The Shire of Perenjori is a local government area in the Mid West region of Western Australia, about 360 km north of the state capital, Perth. The Shire covers an area of 8313 km2, and its seat of government is the town of Perenjori.

==History==

The Shire of Perenjori originated as the Perenjori Road District, established on 27 April 1928 when the Perenjori-Morawa Road District (which had separated from the Upper Irwin Road District in 1916), split into separate Perenjori and Morawa road districts.

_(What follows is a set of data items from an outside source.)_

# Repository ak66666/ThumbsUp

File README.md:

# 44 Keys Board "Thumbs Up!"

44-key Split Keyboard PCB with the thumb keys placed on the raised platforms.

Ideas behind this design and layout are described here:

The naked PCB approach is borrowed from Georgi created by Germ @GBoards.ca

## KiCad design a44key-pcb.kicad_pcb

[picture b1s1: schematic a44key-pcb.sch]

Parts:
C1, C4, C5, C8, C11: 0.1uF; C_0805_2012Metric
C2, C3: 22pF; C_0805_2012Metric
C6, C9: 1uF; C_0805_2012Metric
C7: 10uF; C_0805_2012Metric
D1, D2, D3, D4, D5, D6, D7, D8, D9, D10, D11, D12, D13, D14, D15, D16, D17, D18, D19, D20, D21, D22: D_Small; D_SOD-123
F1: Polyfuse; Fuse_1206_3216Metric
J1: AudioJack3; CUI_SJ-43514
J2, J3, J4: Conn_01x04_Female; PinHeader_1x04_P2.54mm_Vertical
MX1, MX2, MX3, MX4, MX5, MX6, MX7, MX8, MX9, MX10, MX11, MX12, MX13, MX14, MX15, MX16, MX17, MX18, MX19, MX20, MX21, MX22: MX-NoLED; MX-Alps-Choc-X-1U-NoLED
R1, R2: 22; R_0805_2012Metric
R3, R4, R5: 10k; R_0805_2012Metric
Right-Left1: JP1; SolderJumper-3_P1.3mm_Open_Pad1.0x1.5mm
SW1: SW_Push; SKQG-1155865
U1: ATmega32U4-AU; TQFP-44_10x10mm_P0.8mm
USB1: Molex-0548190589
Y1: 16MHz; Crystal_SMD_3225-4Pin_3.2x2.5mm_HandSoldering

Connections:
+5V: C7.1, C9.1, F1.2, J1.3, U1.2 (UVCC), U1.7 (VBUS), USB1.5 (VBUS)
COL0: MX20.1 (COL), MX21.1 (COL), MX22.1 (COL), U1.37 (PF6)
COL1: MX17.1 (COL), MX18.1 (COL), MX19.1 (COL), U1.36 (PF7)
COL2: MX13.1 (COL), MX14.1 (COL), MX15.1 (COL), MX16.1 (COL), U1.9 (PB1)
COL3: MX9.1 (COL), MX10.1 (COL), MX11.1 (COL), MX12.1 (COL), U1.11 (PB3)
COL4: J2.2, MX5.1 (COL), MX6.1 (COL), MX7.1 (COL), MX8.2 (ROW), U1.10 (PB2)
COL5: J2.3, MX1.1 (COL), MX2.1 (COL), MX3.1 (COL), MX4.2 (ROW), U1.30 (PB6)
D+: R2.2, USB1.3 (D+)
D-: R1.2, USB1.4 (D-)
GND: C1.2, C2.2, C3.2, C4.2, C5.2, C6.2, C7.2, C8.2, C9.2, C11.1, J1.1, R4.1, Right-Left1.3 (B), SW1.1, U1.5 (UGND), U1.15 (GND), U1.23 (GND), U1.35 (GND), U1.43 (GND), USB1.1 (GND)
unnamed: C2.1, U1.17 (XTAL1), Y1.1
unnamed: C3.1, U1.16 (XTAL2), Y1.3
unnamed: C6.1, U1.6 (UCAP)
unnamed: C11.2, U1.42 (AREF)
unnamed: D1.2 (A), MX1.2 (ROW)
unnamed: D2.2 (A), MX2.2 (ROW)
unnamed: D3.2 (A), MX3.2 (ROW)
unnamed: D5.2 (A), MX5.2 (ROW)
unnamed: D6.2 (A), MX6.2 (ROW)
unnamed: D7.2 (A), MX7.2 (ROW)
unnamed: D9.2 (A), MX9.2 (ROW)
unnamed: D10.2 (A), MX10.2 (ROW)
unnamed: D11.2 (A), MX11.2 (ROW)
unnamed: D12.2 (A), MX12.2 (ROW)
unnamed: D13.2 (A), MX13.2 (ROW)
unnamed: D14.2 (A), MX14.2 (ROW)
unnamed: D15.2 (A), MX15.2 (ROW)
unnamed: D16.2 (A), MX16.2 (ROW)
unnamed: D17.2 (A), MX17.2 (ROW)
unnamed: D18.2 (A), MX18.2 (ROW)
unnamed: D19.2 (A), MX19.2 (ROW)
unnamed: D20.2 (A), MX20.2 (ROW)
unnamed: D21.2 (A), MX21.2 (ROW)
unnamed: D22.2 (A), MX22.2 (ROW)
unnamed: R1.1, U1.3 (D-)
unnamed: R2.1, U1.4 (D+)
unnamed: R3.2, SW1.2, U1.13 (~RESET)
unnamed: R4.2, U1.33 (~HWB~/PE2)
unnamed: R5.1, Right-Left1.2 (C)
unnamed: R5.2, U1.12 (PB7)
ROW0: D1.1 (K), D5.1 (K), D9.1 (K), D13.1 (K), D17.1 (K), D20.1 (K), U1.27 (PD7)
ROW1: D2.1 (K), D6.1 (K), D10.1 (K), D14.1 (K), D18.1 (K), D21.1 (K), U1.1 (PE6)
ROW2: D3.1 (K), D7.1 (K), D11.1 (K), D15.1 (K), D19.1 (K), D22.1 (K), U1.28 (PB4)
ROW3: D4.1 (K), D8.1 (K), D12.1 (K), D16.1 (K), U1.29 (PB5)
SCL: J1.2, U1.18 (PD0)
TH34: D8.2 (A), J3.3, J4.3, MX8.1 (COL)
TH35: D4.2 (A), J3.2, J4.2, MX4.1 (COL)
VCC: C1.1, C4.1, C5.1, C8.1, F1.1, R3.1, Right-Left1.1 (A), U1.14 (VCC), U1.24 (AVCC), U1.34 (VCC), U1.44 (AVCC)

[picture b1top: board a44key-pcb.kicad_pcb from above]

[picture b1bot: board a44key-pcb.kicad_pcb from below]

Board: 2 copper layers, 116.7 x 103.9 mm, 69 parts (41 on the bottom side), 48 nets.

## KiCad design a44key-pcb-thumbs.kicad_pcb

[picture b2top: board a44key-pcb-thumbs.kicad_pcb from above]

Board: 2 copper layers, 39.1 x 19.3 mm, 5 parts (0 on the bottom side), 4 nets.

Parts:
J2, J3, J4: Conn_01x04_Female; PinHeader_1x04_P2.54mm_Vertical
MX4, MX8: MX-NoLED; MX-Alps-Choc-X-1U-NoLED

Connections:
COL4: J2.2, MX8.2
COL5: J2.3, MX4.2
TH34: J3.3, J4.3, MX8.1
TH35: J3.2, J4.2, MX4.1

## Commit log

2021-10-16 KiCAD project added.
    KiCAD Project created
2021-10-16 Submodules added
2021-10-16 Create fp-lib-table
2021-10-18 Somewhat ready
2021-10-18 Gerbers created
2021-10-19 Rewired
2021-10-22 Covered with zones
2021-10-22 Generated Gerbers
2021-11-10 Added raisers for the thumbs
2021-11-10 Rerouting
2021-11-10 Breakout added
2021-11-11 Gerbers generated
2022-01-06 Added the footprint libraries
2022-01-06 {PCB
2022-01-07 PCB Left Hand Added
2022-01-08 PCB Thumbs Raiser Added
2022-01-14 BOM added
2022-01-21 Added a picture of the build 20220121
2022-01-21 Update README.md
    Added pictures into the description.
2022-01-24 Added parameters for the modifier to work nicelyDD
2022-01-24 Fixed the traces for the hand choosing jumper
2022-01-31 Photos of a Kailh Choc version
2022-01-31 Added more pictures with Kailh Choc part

On 1 July 1961, Perenjori became a shire following the passage of the Local Government Act 1960, which reformed all remaining road districts into shires.

On 18 September 2009, the Shires of Mingenew, Three Springs, Morawa and Perenjori announced their intention to amalgamate. A formal agreement was signed five days later, and the name Billeranga was later chosen. However, by February 2011, community pressure had led to the negotiations stalling, and on 16 April 2011, voters from the Shire of Perenjori defeated the proposal at a referendum.

==Wards==
The Shire is divided into five wards:

- Perenjori Ward (three councillors)
- Caron Ward (one councillor)
- Latham/Caron Ward (two councillors)
- Bowgada Ward (two councillors)
- Maya Ward (1 councillor)

==Towns and localities==
The towns and localities of the Shire of Perenjori with population and size figures based on the most recent Australian census:

| Locality | Population | Area | Map |
|---|---|---|---|
| Bowgada | 33 (SAL 2021) | 770.2 km^{2} (297.4 sq mi) |  |
| Bunjil | 61 (SAL 2021) | 1,926.2 km^{2} (743.7 sq mi) |  |
| Latham | 61 (SAL 2021) | 662.1 km^{2} (255.6 sq mi) |  |
| Maya | 20 (SAL 2021) | 570.5 km^{2} (220.3 sq mi) |  |
| Perenjori | 259 (SAL 2021) | 880 km^{2} (340 sq mi) |  |
| Rothsay | 197 (SAL 2021) | 3,490.1 km^{2} (1,347.5 sq mi) |  |

==Heritage-listed places==

As of 2023, 47 places are heritage-listed in the Shire of Perenjori, of which three are on the State Register of Heritage Places.